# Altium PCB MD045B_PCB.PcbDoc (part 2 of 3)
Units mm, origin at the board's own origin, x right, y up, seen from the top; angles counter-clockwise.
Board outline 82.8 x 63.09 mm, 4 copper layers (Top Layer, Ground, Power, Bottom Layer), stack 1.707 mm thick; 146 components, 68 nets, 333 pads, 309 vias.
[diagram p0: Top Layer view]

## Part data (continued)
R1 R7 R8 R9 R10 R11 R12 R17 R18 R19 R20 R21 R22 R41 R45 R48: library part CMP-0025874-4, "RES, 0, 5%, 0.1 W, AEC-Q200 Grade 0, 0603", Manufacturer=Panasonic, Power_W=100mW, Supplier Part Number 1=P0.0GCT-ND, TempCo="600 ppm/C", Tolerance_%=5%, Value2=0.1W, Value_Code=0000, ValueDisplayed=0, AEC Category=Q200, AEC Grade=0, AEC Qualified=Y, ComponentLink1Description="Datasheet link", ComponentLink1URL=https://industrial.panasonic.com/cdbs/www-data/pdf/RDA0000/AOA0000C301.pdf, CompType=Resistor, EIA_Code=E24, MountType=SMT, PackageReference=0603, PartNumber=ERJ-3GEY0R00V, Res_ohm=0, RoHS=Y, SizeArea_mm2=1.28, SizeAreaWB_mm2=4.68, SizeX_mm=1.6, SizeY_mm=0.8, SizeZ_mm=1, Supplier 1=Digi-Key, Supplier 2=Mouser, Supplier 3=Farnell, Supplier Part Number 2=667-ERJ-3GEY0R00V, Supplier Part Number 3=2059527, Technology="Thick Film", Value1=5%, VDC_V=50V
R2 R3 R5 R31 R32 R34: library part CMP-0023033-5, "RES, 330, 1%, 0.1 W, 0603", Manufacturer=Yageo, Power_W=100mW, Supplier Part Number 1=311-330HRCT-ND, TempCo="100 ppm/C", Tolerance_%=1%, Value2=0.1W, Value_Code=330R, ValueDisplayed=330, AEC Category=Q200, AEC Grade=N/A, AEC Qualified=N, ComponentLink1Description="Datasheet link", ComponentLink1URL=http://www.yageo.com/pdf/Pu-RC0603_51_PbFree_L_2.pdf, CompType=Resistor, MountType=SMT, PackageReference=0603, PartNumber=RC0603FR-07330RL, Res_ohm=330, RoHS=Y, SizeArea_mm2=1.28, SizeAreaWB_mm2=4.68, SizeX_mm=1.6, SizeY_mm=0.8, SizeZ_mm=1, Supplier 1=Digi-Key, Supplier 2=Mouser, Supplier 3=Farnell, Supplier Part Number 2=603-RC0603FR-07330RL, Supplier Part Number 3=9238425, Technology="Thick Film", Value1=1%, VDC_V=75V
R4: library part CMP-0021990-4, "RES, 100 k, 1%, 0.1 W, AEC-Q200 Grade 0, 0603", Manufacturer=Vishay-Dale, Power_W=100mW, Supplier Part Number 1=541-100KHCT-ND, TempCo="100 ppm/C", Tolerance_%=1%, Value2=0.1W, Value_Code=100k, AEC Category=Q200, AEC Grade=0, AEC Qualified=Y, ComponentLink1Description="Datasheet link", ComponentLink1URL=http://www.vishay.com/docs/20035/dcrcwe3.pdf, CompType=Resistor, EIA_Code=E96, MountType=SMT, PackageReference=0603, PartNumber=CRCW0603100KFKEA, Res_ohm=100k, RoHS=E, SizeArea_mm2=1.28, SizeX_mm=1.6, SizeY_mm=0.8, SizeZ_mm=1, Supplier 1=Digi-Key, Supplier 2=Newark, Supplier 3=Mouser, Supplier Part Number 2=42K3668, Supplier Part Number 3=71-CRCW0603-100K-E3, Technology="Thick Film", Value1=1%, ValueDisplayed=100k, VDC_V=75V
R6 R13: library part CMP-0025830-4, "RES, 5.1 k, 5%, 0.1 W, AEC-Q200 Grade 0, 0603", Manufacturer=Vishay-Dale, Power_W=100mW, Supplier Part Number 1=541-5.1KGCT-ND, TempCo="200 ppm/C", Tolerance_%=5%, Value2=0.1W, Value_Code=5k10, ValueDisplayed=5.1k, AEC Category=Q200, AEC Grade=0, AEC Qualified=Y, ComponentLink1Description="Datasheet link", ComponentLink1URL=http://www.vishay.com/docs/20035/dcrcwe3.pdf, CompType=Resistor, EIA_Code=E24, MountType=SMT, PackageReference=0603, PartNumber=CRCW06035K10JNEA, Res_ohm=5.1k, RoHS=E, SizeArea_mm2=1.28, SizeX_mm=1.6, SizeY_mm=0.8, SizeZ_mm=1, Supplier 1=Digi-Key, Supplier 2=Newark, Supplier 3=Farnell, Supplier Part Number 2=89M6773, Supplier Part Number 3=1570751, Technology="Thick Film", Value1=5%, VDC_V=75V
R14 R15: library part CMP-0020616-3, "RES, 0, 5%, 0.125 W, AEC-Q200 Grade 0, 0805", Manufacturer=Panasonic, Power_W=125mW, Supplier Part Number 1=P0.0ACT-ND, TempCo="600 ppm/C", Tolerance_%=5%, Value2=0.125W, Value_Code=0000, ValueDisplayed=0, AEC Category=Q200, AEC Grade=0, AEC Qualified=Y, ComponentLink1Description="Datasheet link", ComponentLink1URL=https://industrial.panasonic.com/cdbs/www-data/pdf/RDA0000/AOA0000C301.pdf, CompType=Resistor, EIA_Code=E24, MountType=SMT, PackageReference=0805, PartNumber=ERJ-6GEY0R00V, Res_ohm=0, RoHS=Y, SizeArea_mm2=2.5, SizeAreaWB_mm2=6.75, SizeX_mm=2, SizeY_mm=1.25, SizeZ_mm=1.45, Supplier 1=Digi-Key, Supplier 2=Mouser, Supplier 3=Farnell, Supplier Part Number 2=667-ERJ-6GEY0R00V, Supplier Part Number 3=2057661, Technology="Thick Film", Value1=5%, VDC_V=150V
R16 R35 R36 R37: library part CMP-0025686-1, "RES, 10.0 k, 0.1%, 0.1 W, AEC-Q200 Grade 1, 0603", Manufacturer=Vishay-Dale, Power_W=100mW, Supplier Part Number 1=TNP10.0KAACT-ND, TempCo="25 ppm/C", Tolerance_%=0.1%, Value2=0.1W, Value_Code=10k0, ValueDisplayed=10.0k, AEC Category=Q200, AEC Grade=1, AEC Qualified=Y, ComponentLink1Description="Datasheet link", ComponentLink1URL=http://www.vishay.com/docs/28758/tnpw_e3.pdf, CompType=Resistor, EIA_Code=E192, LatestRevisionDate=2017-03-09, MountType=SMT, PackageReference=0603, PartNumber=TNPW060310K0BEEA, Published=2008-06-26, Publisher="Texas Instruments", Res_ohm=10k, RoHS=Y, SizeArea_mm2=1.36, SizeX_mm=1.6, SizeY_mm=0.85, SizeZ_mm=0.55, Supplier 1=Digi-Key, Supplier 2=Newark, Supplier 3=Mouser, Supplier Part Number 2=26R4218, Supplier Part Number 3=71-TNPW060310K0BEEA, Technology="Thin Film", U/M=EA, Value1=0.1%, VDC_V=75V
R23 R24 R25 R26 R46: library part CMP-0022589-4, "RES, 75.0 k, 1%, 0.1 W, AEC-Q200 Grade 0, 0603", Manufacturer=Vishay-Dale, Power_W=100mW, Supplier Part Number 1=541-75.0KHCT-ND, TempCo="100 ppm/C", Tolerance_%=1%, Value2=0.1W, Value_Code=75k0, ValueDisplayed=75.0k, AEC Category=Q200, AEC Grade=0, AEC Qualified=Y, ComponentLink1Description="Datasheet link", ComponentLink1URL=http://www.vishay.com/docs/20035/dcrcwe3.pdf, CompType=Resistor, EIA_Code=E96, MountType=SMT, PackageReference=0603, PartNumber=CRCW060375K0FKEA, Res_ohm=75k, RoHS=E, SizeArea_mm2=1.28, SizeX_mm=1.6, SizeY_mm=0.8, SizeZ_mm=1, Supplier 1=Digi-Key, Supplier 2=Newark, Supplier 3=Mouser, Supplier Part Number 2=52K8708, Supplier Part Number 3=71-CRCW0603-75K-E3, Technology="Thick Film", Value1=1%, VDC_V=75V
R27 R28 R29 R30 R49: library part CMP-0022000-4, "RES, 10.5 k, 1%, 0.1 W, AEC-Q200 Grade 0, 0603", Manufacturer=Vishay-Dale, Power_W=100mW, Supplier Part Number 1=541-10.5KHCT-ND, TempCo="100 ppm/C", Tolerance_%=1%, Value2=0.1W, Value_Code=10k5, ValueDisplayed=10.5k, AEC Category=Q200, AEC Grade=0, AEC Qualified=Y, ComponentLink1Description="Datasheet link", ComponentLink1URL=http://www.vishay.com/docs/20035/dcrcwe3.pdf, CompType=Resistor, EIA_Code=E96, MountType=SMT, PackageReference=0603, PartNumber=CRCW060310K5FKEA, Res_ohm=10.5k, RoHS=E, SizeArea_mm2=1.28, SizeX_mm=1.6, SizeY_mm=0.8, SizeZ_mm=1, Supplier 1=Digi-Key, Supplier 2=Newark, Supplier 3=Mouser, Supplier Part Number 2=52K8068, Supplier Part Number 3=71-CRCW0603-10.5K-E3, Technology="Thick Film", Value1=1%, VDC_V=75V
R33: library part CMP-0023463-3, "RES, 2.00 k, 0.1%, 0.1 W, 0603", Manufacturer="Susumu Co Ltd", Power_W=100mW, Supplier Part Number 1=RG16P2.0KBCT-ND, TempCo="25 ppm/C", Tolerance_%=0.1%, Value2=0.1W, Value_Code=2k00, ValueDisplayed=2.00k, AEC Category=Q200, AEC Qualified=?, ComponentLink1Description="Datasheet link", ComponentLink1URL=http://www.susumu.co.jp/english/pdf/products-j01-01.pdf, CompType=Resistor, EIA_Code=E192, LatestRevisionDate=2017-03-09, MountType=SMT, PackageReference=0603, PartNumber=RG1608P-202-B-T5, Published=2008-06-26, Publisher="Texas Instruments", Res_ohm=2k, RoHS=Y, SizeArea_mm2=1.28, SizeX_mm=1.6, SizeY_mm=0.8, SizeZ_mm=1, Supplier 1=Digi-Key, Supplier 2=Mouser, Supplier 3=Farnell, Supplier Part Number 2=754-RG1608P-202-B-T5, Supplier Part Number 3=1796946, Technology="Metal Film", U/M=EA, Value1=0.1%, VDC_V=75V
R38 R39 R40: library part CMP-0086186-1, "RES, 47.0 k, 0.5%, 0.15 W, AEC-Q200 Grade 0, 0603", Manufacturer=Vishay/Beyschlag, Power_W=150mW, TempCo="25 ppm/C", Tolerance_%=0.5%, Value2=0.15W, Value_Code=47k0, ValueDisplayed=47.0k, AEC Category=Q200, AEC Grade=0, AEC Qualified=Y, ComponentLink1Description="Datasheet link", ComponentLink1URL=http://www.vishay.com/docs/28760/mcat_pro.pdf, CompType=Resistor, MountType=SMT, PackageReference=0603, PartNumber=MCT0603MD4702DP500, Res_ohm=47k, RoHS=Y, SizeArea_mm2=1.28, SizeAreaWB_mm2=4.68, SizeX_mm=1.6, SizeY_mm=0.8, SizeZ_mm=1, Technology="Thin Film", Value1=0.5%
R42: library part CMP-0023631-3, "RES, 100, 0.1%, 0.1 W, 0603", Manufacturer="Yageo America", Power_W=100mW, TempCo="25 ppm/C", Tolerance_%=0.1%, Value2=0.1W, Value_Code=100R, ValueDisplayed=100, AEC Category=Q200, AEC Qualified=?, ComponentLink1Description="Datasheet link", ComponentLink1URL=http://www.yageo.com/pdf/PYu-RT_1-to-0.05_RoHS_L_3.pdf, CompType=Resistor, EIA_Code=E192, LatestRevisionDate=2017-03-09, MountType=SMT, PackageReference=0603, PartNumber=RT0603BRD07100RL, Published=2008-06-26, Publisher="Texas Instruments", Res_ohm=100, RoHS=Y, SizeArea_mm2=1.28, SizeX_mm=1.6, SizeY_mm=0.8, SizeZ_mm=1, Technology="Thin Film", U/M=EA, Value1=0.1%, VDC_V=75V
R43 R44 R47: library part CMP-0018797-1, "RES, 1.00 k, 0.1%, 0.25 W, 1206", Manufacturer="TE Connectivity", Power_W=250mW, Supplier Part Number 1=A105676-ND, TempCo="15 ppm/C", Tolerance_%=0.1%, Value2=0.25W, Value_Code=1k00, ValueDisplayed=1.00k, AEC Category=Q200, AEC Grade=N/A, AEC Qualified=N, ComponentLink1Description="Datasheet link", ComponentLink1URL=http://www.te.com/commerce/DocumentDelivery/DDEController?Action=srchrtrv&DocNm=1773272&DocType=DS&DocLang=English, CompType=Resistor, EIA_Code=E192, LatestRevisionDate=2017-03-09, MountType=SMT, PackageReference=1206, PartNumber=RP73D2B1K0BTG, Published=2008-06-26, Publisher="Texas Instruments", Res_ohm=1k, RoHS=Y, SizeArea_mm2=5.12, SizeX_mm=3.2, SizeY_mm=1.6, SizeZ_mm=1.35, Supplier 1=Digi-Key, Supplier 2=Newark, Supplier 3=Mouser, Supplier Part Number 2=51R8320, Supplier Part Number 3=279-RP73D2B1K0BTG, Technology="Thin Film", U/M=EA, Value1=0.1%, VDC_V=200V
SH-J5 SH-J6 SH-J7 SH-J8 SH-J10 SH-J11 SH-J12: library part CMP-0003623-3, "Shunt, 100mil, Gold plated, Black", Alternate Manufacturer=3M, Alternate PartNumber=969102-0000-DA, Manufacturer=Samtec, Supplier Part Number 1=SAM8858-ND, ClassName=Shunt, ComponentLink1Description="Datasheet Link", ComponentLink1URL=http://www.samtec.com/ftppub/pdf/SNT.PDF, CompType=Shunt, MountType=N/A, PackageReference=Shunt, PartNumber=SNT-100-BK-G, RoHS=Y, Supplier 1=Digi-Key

» **Exercise directions**:
Wherever "Layer" appears in the listing, report the line it is on.

» **Answer to this task**:
Board outline 82.8 x 63.09 mm, 4 copper layers (Top Layer, Ground, Power, Bottom Layer), stack 1.707 mm thick; 146 components, 68 nets, 333 pads, 309 vias.
[diagram p0: Top Layer view]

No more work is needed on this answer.